If have a point on an arc and other points related to it. I now want to move the point on the arc to a given target and rotate everything so that the arc-based-point has a vertical angle as the new position (like the if the arc-center would now be just below (on y-axis) the target.
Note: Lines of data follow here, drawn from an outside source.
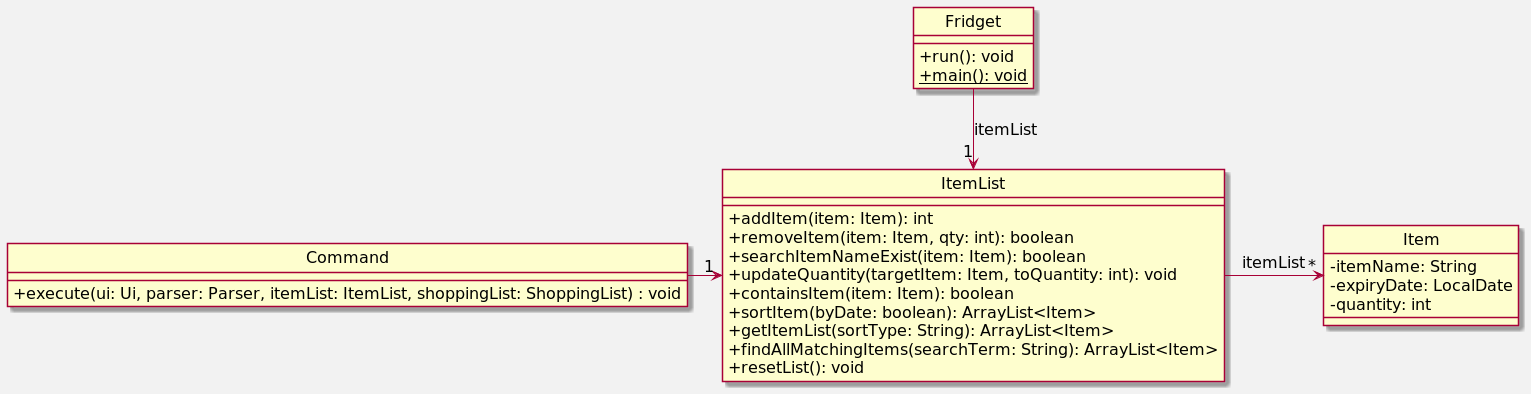

The diagram above was rendered by PlantUML. Its source (embedded in the PNG):
@startuml
'https://plantuml.com/class-diagram
skinparam classAttributeIconSize 0
skinparam backgroundColor #f2f2f2
skinparam defaultFontSize 16
hide circle

ItemList "1" <-up- Fridget : itemList
ItemList "1" <-left- Command
Item "*" <-left- ItemList : itemList

class ItemList {
    + addItem(item: Item): int
    + removeItem(item: Item, qty: int): boolean
    + searchItemNameExist(item: Item): boolean
    + updateQuantity(targetItem: Item, toQuantity: int): void
    + containsItem(item: Item): boolean
    + sortItem(byDate: boolean): ArrayList<Item>
    + getItemList(sortType: String): ArrayList<Item>
    + findAllMatchingItems(searchTerm: String): ArrayList<Item>
    + resetList(): void
}

class Item {
    - itemName: String
    - expiryDate: LocalDate
    - quantity: int
}

class Command {
    + execute(ui: Ui, parser: Parser, itemList: ItemList, shoppingList: ShoppingList) : void
}

class Fridget {
    + run(): void
    + {static} main(): void
}

@enduml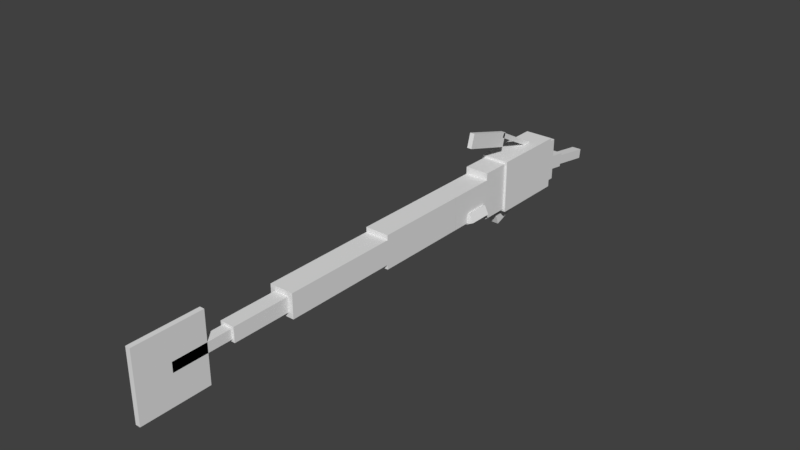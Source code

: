 # Source: gorebyss.blend  (saved by Blender 2.78.0; exported with 4.5.12 LTS)
import bpy
from mathutils import Matrix  # noqa: F401  (used for matrix-valued properties, if any)

bpy.ops.wm.read_factory_settings(use_empty=True)
scene = bpy.context.scene
scene.name = 'Scene'

# ---- collections
col_collection_1 = bpy.data.collections.new('Collection 1'); scene.collection.children.link(col_collection_1)

# ---- world
world_world = bpy.data.worlds.new('World'); scene.world = world_world
world_world.color = (0.05088, 0.05088, 0.05088)
world_world.use_sun_shadow = False
world_world.sun_shadow_jitter_overblur = 0.0
world_world.cycles.sampling_method = 'MANUAL'

# ---- meshes
me_body_pt_1 = bpy.data.meshes.new('Body pt.1')
me_body_pt_1.from_pydata([(0.1562, -0.2187, -0.3125), (-0.1562, -0.2187, -0.3125), (-0.1562, 0.2188, -0.3125), (0.1562, 0.2188, -0.3125), (-0.1562, -0.2187, 0.3125), (0.1562, -0.2187, 0.3125), (0.1562, 0.2188, 0.3125), (-0.1562, 0.2188, 0.3125)], [], [(0, 1, 2, 3), (4, 5, 6, 7), (3, 2, 7, 6), (5, 4, 1, 0), (5, 0, 3, 6), (1, 4, 7, 2)])
_uv = me_body_pt_1.uv_layers.new(name='UVMap')
_uv.uv.foreach_set('vector', [0.4219, 0.7422, 0.4609, 0.7422, 0.4609, 0.7969, 0.4219, 0.7969, 0.5391, 0.7422, 0.5781, 0.7422, 0.5781, 0.7969, 0.5391, 0.7969, 0.4219, 0.7969, 0.4609, 0.7969, 0.4609, 0.875, 0.4219, 0.875, 0.4609, 0.7969, 0.5, 0.7969, 0.5, 0.875, 0.4609, 0.875, 0.3438, 0.7422, 0.4219, 0.7422, 0.4219, 0.7969, 0.3438, 0.7969, 0.4609, 0.7422, 0.5391, 0.7422, 0.5391, 0.7969, 0.4609, 0.7969])
me_body_pt_1.use_remesh_preserve_volume = False
me_body_pt_1.use_remesh_preserve_attributes = False
me_body_pt_1.use_mirror_vertex_groups = False
me_body_pt_1.update()
me_body_pt_2 = bpy.data.meshes.new('Body pt.2')
me_body_pt_2.from_pydata([(0.1562, -0.2187, 1.192e-07), (-0.1562, -0.2187, 1.192e-07), (-0.1562, 0.2188, 1.192e-07), (0.1562, 0.2188, 1.192e-07), (-0.1562, -0.2187, 0.625), (0.1562, -0.2187, 0.625), (0.1562, 0.2188, 0.625), (-0.1562, 0.2188, 0.625)], [], [(0, 1, 2, 3), (4, 5, 6, 7), (3, 2, 7, 6), (5, 4, 1, 0), (5, 0, 3, 6), (1, 4, 7, 2)])
_uv = me_body_pt_2.uv_layers.new(name='UVMap')
_uv.uv.foreach_set('vector', [0.4219, 0.7422, 0.4609, 0.7422, 0.4609, 0.7969, 0.4219, 0.7969, 0.5391, 0.7422, 0.5781, 0.7422, 0.5781, 0.7969, 0.5391, 0.7969, 0.4219, 0.7969, 0.4609, 0.7969, 0.4609, 0.875, 0.4219, 0.875, 0.4609, 0.7969, 0.5, 0.7969, 0.5, 0.875, 0.4609, 0.875, 0.3438, 0.7422, 0.4219, 0.7422, 0.4219, 0.7969, 0.3438, 0.7969, 0.4609, 0.7422, 0.5391, 0.7422, 0.5391, 0.7969, 0.4609, 0.7969])
me_body_pt_2.use_remesh_preserve_volume = False
me_body_pt_2.use_remesh_preserve_attributes = False
me_body_pt_2.use_mirror_vertex_groups = False
me_body_pt_2.update()
me_body_pt_3 = bpy.data.meshes.new('Body pt.3')
me_body_pt_3.from_pydata([(0.1562, -0.2187, 0.0), (-0.1562, -0.2187, 0.0), (-0.1562, 0.2188, 0.0), (0.1562, 0.2188, 0.0), (-0.1562, -0.2187, 0.625), (0.1562, -0.2187, 0.625), (0.1562, 0.2188, 0.625), (-0.1562, 0.2188, 0.625)], [], [(0, 1, 2, 3), (4, 5, 6, 7), (3, 2, 7, 6), (5, 4, 1, 0), (5, 0, 3, 6), (1, 4, 7, 2)])
_uv = me_body_pt_3.uv_layers.new(name='UVMap')
_uv.uv.foreach_set('vector', [0.4219, 0.7422, 0.4609, 0.7422, 0.4609, 0.7969, 0.4219, 0.7969, 0.5391, 0.7422, 0.5781, 0.7422, 0.5781, 0.7969, 0.5391, 0.7969, 0.4219, 0.7969, 0.4609, 0.7969, 0.4609, 0.875, 0.4219, 0.875, 0.4609, 0.7969, 0.5, 0.7969, 0.5, 0.875, 0.4609, 0.875, 0.3438, 0.7422, 0.4219, 0.7422, 0.4219, 0.7969, 0.3438, 0.7969, 0.4609, 0.7422, 0.5391, 0.7422, 0.5391, 0.7969, 0.4609, 0.7969])
me_body_pt_3.use_remesh_preserve_volume = False
me_body_pt_3.use_remesh_preserve_attributes = False
me_body_pt_3.use_mirror_vertex_groups = False
me_body_pt_3.update()
me_body_pt_4 = bpy.data.meshes.new('Body pt.4')
me_body_pt_4.from_pydata([(0.1562, -0.1562, 0.0), (-0.1562, -0.1562, 0.0), (-0.1562, 0.1562, 0.0), (0.1562, 0.1562, 0.0), (-0.1562, -0.1562, 0.75), (0.1562, -0.1562, 0.75), (0.1562, 0.1562, 0.75), (-0.1562, 0.1562, 0.75)], [], [(0, 1, 2, 3), (4, 5, 6, 7), (3, 2, 7, 6), (5, 4, 1, 0), (5, 0, 3, 6), (1, 4, 7, 2)])
_uv = me_body_pt_4.uv_layers.new(name='UVMap')
_uv.uv.foreach_set('vector', [0.4375, 0.6094, 0.4766, 0.6094, 0.4766, 0.6484, 0.4375, 0.6484, 0.5703, 0.6094, 0.6094, 0.6094, 0.6094, 0.6484, 0.5703, 0.6484, 0.4375, 0.6484, 0.4766, 0.6484, 0.4766, 0.7422, 0.4375, 0.7422, 0.4766, 0.6484, 0.5156, 0.6484, 0.5156, 0.7422, 0.4766, 0.7422, 0.3438, 0.6094, 0.4375, 0.6094, 0.4375, 0.6484, 0.3438, 0.6484, 0.4766, 0.6094, 0.5703, 0.6094, 0.5703, 0.6484, 0.4766, 0.6484])
me_body_pt_4.use_remesh_preserve_volume = False
me_body_pt_4.use_remesh_preserve_attributes = False
me_body_pt_4.use_mirror_vertex_groups = False
me_body_pt_4.update()
me_body_pt_5 = bpy.data.meshes.new('Body pt.5')
me_body_pt_5.from_pydata([(0.1562, -0.1562, 0.0), (-0.1562, -0.1562, 0.0), (-0.1562, 0.1562, 0.0), (0.1562, 0.1562, 0.0), (-0.1562, -0.1562, 0.75), (0.1562, -0.1562, 0.75), (0.1562, 0.1562, 0.75), (-0.1562, 0.1562, 0.75)], [], [(0, 1, 2, 3), (4, 5, 6, 7), (3, 2, 7, 6), (5, 4, 1, 0), (5, 0, 3, 6), (1, 4, 7, 2)])
_uv = me_body_pt_5.uv_layers.new(name='UVMap')
_uv.uv.foreach_set('vector', [0.4375, 0.4766, 0.4766, 0.4766, 0.4766, 0.5156, 0.4375, 0.5156, 0.5703, 0.4766, 0.6094, 0.4766, 0.6094, 0.5156, 0.5703, 0.5156, 0.4375, 0.5156, 0.4766, 0.5156, 0.4766, 0.6094, 0.4375, 0.6094, 0.4766, 0.5156, 0.5156, 0.5156, 0.5156, 0.6094, 0.4766, 0.6094, 0.3438, 0.4766, 0.4375, 0.4766, 0.4375, 0.5156, 0.3438, 0.5156, 0.4766, 0.4766, 0.5703, 0.4766, 0.5703, 0.5156, 0.4766, 0.5156])
me_body_pt_5.use_remesh_preserve_volume = False
me_body_pt_5.use_remesh_preserve_attributes = False
me_body_pt_5.use_mirror_vertex_groups = False
me_body_pt_5.update()
me_body_pt_6 = bpy.data.meshes.new('Body pt.6')
me_body_pt_6.from_pydata([(0.09375, -0.09375, 0.0), (-0.09375, -0.09375, 0.0), (-0.09375, 0.09375, 0.0), (0.09375, 0.09375, 0.0), (-0.09375, -0.09375, 0.75), (0.09375, -0.09375, 0.75), (0.09375, 0.09375, 0.75), (-0.09375, 0.09375, 0.75)], [], [(0, 1, 2, 3), (4, 5, 6, 7), (3, 2, 7, 6), (5, 4, 1, 0), (5, 0, 3, 6), (1, 4, 7, 2)])
_uv = me_body_pt_6.uv_layers.new(name='UVMap')
_uv.uv.foreach_set('vector', [0.4375, 0.3594, 0.4609, 0.3594, 0.4609, 0.3828, 0.4375, 0.3828, 0.5547, 0.3594, 0.5781, 0.3594, 0.5781, 0.3828, 0.5547, 0.3828, 0.4375, 0.3828, 0.4609, 0.3828, 0.4609, 0.4766, 0.4375, 0.4766, 0.4609, 0.3828, 0.4844, 0.3828, 0.4844, 0.4766, 0.4609, 0.4766, 0.3438, 0.3594, 0.4375, 0.3594, 0.4375, 0.3828, 0.3438, 0.3828, 0.4609, 0.3594, 0.5547, 0.3594, 0.5547, 0.3828, 0.4609, 0.3828])
me_body_pt_6.use_remesh_preserve_volume = False
me_body_pt_6.use_remesh_preserve_attributes = False
me_body_pt_6.use_mirror_vertex_groups = False
me_body_pt_6.update()
me_body_pt_7 = bpy.data.meshes.new('Body pt.7')
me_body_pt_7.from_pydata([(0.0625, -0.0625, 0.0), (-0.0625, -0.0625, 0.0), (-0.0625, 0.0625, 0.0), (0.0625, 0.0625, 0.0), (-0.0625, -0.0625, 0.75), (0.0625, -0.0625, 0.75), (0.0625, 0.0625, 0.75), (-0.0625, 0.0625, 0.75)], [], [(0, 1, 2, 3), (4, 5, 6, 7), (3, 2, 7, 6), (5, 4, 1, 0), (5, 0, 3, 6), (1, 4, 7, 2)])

Example: I have an arc-center $R(0;-233.7)$, radius $250$ and arc-point $P(9.9;16.1)$. That point is at about $2.27°$ of the arc. The other point is $Q(0;0)$, so $P$ and $Q$ are a "shape". Now if I move $P$ to target positon $T(0;16.3)$ in a way so that the midpoint $R$ would be on the y-axis, where is $Q$ in that case? This is not just vector movement but we need to rotate as well which gives me headaches.
Edit: Maybe the single problem is easier in the context. The complete problem is that I have a shape defined by 3 arcs. Here you see it with three different colors for each arc (the blue one is quite small at $0°$ and $90°$. I can calculate the shapepoints. In fact I am calculating a quarter of the shape and mirror the remaining parts.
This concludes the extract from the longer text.